The "problem" is that ggplot also takes care of the transformation/reduction
step for you.

For example, a KDE plot can source potentially a limitless amount of data
while still generating a very simple plot. Likewise for most smoothers.

However, if I have to produce the kde/smoothed line myself, I lose almost all
advantages of using ggplot (I have to manually calculate the visual density,
scaling and attaching labels is another PITA).

On top of that, as other have said, ggplot really struggles already with
thousands of entries. A simple 5x5 faceted scatterplot with ~10k points might
take seconds to render on recent hardware. When I plot data interactively for
exploration, I might do this hundreds of times a day. I lose all the
convenience just in the time wasted for rendering.

------
minimaxir
I've spent a _lot_ of time working with ggplot2 for making advanced data
visualizations. For reference, I wrote a nice tutorial on how ggplot2 can be
used to make nice charts easily and effectively:
[http://minimaxir.com/2015/02/ggplot-
tutorial/](http://minimaxir.com/2015/02/ggplot-tutorial/)

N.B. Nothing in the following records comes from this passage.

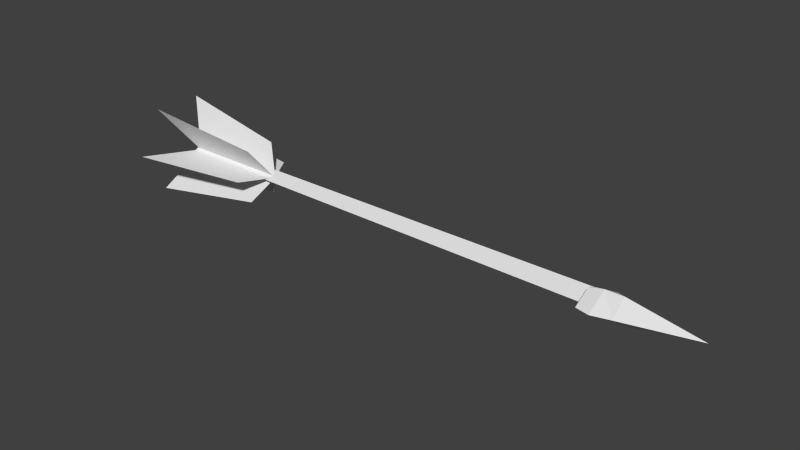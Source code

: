 # Source: Bolt.blend  (saved by Blender 2.71.0; exported with 4.5.12 LTS)
import bpy
from mathutils import Matrix  # noqa: F401  (used for matrix-valued properties, if any)

bpy.ops.wm.read_factory_settings(use_empty=True)
scene = bpy.context.scene
scene.name = 'Scene'

# ---- collections
col_collection_2 = bpy.data.collections.new('Collection 2'); scene.collection.children.link(col_collection_2)

# ---- world
world_world = bpy.data.worlds.new('World'); scene.world = world_world
world_world.color = (0.05088, 0.05088, 0.05088)
world_world.use_sun_shadow = False
world_world.sun_shadow_jitter_overblur = 0.0
world_world.cycles.sampling_method = 'MANUAL'
world_world.cycles.sample_map_resolution = 256

# ---- meshes
me_cube_010 = bpy.data.meshes.new('Cube.010')
me_cube_010.from_pydata([(-0.002023, 0.003788, -0.004063), (0.3006, 0.00471, -0.005439), (0.3006, -0.005273, -0.0004481), (-0.002023, -0.003781, -0.000279), (-0.002023, 0.003788, 0.003505), (0.3006, 0.00471, 0.004543), (0.3117, -0.01155, 0.0004948), (0.3005, 0.01371, 0.0004948), (0.3117, 0.0108, 0.0004948), (0.2917, 0.01146, 0.0004948), (0.3005, -0.01446, 0.0004948), (0.2917, -0.001371, -0.005985), (0.2917, -0.001371, 0.006975), (0.2917, -0.01247, 0.0004948), (-0.002023, 3.168e-06, 0.001613), (0.3006, -0.0002818, 0.002048), (0.3005, -0.0003736, 0.008722), (0.3005, -0.0003736, -0.007733), (0.2917, 0.0005606, 0.006863), (0.2917, 0.0005606, -0.005873), (0.3117, -0.0003736, 0.008722), (0.3117, -0.0003736, -0.007733), (0.3567, -0.0003736, 0.0004948), (-0.01977, 0.03265, 0.0005537), (-0.01977, -0.03141, 0.0005537), (0.05629, -0.01909, 0.0005537), (0.05629, 0.02033, 0.0005537), (0.06859, 0.0006203, 0.0005537), (-0.01977, -0.0154, -0.02719), (0.05629, -0.009233, -0.01651), (-0.01977, 0.01664, 0.02829), (0.05629, 0.01047, 0.01762), (-0.01977, 0.01664, -0.02719), (0.05629, 0.01047, -0.01651), (-0.01977, -0.0154, 0.02829), (0.05629, -0.009234, 0.01762), (-0.0002353, 0.0006872, 0.0004806)], [], [(4, 5, 1, 0), (3, 14, 4, 0), (5, 15, 2, 1), (3, 0, 1, 2), (15, 5, 4, 14), (6, 21, 22), (10, 13, 11, 17), (10, 17, 21, 6), (17, 11, 12, 16), (2, 15, 14, 3), (16, 12, 13, 10), (13, 12, 11), (16, 18, 19, 17), (17, 19, 9, 7), (16, 10, 6, 20), (7, 9, 18, 16), (17, 7, 8, 21), (7, 16, 20, 8), (18, 9, 19), (20, 6, 22), (21, 8, 22), (8, 20, 22), (36, 27, 26, 23), (24, 25, 27, 36), (36, 27, 31, 30), (28, 29, 27, 36), (36, 27, 35, 34), (32, 33, 27, 36)])
_uv = me_cube_010.uv_layers.new(name='UVMap')
_uv.uv.foreach_set('vector', [0.985, 0.9907, 0.988, 0.01917, 0.988, 0.01917, 0.985, 0.9907, 0.8443, 0.9525, 0.8234, 0.963, 0.8025, 0.9734, 0.8025, 0.9316, 0.988, 0.01917, 0.9713, 0.01917, 0.9545, 0.01917, 0.988, 0.01917, 0.9595, 0.9907, 0.985, 0.9907, 0.988, 0.01917, 0.9545, 0.01917, 0.9713, 0.01917, 0.988, 0.01917, 0.985, 0.9907, 0.9722, 0.9907, 0.06558, 0.6953, 0.2244, 0.6953, 0.2244, 0.05576, 0.02413, 0.8546, 0.05249, 0.9804, 0.2103, 0.9804, 0.2244, 0.8546, 0.02413, 0.8546, 0.2244, 0.8546, 0.2244, 0.6953, 0.06558, 0.6953, 0.2244, 0.8546, 0.2103, 0.9804, 0.2103, 0.9804, 0.2244, 0.8546, 0.9545, 0.01917, 0.9713, 0.01917, 0.9722, 0.9907, 0.9595, 0.9907, 0.2244, 0.8546, 0.2103, 0.9804, 0.05249, 0.9804, 0.02413, 0.8546, 0.05249, 0.9804, 0.2103, 0.9804, 0.2103, 0.9804, 0.2244, 0.8546, 0.2377, 0.9804, 0.2377, 0.9804, 0.2244, 0.8546, 0.2244, 0.8546, 0.2377, 0.9804, 0.3928, 0.9804, 0.4247, 0.8546, 0.2244, 0.8546, 0.02413, 0.8546, 0.06558, 0.6953, 0.2244, 0.6953, 0.4247, 0.8546, 0.3928, 0.9804, 0.2377, 0.9804, 0.2244, 0.8546, 0.2244, 0.8546, 0.4247, 0.8546, 0.3833, 0.6953, 0.2244, 0.6953, 0.4247, 0.8546, 0.2244, 0.8546, 0.2244, 0.6953, 0.3833, 0.6953, 0.2377, 0.9804, 0.3928, 0.9804, 0.2377, 0.9804, 0.2244, 0.6953, 0.06558, 0.6953, 0.2244, 0.05576, 0.2244, 0.6953, 0.3833, 0.6953, 0.2244, 0.05576, 0.3833, 0.6953, 0.2244, 0.6953, 0.2244, 0.05576, 0.8658, 0.1918, 0.8689, 0.9369, 0.6412, 0.7805, 0.6412, 0.02567, 0.6412, 0.02741, 0.6412, 0.7805, 0.8689, 0.9369, 0.8658, 0.1918, 0.8658, 0.1918, 0.8689, 0.9369, 0.6412, 0.7805, 0.6412, 0.02567, 0.6412, 0.03026, 0.6412, 0.7805, 0.8689, 0.9369, 0.8658, 0.1918, 0.8658, 0.1918, 0.8689, 0.9369, 0.6412, 0.7805, 0.6412, 0.02567, 0.6412, 0.02567, 0.6412, 0.7805, 0.8689, 0.9369, 0.8658, 0.1918])
me_cube_010.use_remesh_preserve_volume = False
me_cube_010.use_remesh_preserve_attributes = False
me_cube_010.use_mirror_vertex_groups = False
me_cube_010.update()

# ---- objects
ob_cube_009 = bpy.data.objects.new('Cube.009', me_cube_010)

# ---- transforms, parenting, visibility, modifiers, constraints
ob_cube_009.location = (0.0, 0.0, 0.0)
ob_cube_009.lineart.crease_threshold = 0.0

# ---- collection membership
col_collection_2.objects.link(ob_cube_009)

# ---- scene / render settings (as saved in the file)
scene.frame_start = 1; scene.frame_end = 250; scene.frame_set(38)
scene.render.engine = 'BLENDER_EEVEE_NEXT'
scene.render.resolution_percentage = 50
scene.render.dither_intensity = 0.0
scene.cycles.use_denoising = False
scene.cycles.samples = 10
scene.cycles.sampling_pattern = 'TABULATED_SOBOL'
scene.cycles.light_sampling_threshold = 0.0
scene.cycles.use_adaptive_sampling = False
scene.cycles.use_light_tree = False
scene.cycles.blur_glossy = 0.0
scene.cycles.volume_bounces = 1
scene.cycles.pixel_filter_type = 'GAUSSIAN'
scene.cycles.sample_clamp_indirect = 0.0
scene.view_settings.view_transform = 'Standard'
bpy.context.view_layer.update()

# ---- added for rendering (the .blend has no active camera and no usable light): camera, sun
cam_auto = bpy.data.cameras.new('AutoCamera')
cam_auto.lens = 50.0
cam_auto.sensor_width = 36.0
cam_auto.clip_end = 1000.0
ob_auto_camera = bpy.data.objects.new('AutoCamera', cam_auto)
scene.collection.objects.link(ob_auto_camera)
ob_auto_camera.location = (0.525515, -0.427831, 0.286188)
ob_auto_camera.rotation_euler = (1.09748, -7.21219e-08, 0.694738)
scene.camera = ob_auto_camera
light_auto_sun = bpy.data.lights.new('AutoSun', 'SUN')
light_auto_sun.energy = 3.0
light_auto_sun.angle = 0.0523599
ob_auto_sun = bpy.data.objects.new('AutoSun', light_auto_sun)
scene.collection.objects.link(ob_auto_sun)
ob_auto_sun.rotation_euler = (0.872665, 0.174533, 0.523599)
bpy.context.view_layer.update()
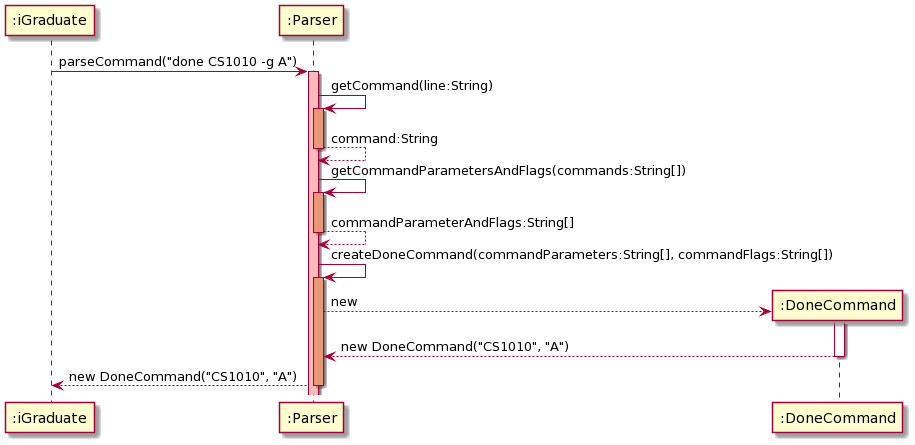

The diagram above was rendered by PlantUML. Its source (embedded in the PNG):
@startuml
participant ":iGraduate" as iGraduate
participant ":Parser" as Parser
participant ":DoneCommand" as DoneCommand

iGraduate -> Parser: parseCommand("done CS1010 -g A")
activate Parser #FFBBBB

Parser -> Parser: getCommand(line:String)
activate Parser #DarkSalmon
return command:String

Parser -> Parser: getCommandParametersAndFlags(commands:String[])
activate Parser #DarkSalmon
return commandParameterAndFlags:String[]

Parser -> Parser: createDoneCommand(commandParameters:String[], commandFlags:String[])
activate Parser #DarkSalmon

create DoneCommand
Parser --> DoneCommand: new
activate DoneCommand
DoneCommand --> Parser: new DoneCommand("CS1010", "A")
deactivate DoneCommand

Parser --> iGraduate: new DoneCommand("CS1010", "A")
deactivate Parser
@enduml

To put the scope of the changes in the 2.0.0 release in perspective, I suspect
that the simple tutorial is now broken, let alone the code for my more
intricate charts. I'm not upset about it through, since all the changes,
especially breaking ones, are well-reasoned and well-documented. Hadley did a
great job of explaining everything.

I'll have to spend some time diving into ggproto.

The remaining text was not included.